*Task to complete:*
Report how many lines below contain the word "mxPoint". Write only that number.

*Records to process:*

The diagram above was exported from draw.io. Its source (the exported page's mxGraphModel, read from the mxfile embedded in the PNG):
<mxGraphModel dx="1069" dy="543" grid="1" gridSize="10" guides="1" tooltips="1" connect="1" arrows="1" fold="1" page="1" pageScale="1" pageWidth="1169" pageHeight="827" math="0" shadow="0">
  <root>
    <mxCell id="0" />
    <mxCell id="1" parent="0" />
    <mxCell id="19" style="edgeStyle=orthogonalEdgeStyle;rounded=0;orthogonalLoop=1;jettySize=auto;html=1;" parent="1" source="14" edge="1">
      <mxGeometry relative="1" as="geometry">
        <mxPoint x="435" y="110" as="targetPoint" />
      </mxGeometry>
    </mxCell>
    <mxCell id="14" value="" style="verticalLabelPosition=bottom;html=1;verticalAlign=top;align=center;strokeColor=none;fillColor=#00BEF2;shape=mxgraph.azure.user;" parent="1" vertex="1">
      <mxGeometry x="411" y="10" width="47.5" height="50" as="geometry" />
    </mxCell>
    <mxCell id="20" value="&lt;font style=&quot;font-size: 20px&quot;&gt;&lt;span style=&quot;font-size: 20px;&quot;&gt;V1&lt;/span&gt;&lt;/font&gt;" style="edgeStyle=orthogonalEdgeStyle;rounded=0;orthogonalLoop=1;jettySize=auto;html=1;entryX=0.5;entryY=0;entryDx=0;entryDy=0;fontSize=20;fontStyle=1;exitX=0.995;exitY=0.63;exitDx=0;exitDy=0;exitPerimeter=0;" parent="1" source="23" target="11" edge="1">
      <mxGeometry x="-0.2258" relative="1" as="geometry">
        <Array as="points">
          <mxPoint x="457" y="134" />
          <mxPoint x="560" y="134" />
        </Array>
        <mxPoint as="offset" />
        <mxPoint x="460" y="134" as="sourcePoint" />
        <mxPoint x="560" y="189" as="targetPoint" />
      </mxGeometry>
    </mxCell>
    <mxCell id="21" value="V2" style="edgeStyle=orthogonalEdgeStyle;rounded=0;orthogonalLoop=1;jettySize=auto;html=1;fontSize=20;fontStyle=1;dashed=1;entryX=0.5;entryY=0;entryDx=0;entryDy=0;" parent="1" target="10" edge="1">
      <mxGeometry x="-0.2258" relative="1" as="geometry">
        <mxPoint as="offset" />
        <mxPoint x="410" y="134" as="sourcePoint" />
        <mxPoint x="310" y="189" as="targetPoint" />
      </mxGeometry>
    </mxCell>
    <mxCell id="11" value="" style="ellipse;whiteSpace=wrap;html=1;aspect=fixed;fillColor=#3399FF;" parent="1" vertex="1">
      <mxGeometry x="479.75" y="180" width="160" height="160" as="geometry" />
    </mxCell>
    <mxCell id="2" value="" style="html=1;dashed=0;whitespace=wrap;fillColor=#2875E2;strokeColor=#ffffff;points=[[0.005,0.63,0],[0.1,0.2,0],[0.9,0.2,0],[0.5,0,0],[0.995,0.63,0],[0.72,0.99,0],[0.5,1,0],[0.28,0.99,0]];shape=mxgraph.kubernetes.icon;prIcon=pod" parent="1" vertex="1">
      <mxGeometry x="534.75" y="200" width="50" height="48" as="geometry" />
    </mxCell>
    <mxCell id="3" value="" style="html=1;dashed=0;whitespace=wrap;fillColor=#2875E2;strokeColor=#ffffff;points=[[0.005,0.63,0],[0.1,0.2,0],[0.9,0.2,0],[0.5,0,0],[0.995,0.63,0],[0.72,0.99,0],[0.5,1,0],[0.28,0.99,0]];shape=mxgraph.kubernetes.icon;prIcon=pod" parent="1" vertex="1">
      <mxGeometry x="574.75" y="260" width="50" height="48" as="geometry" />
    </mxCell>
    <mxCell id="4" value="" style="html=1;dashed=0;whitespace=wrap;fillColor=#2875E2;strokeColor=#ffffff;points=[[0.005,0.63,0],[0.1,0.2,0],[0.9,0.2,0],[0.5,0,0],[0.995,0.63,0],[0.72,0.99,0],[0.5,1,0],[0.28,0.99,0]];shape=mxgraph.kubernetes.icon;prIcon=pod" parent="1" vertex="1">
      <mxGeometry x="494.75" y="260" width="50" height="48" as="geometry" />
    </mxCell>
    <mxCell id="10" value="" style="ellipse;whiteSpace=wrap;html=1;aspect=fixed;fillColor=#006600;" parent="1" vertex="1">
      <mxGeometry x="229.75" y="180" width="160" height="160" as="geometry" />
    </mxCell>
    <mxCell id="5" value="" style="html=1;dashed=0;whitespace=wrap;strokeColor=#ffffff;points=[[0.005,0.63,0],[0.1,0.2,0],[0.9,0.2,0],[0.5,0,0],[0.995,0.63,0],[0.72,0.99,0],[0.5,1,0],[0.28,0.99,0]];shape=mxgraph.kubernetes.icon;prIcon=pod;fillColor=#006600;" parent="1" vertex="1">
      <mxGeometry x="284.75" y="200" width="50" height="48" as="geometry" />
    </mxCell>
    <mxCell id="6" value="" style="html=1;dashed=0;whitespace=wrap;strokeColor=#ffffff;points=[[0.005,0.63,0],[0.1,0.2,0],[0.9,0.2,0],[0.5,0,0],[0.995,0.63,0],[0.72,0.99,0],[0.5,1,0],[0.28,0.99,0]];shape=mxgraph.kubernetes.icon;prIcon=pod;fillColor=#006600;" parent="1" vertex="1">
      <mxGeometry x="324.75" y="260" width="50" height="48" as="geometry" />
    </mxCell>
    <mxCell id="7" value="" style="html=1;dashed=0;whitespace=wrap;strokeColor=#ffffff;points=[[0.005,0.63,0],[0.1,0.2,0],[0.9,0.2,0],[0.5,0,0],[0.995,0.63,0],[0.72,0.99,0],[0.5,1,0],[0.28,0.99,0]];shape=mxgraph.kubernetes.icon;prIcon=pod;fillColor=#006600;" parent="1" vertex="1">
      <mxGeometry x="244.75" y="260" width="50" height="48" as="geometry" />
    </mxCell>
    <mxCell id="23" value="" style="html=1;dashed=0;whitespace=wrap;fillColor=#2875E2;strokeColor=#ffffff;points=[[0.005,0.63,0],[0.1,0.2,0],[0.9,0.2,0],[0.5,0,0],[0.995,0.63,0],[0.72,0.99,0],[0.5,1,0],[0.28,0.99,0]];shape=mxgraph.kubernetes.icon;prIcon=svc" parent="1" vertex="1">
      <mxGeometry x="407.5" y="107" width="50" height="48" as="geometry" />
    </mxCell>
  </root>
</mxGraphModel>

*Solution for this exercise:*
9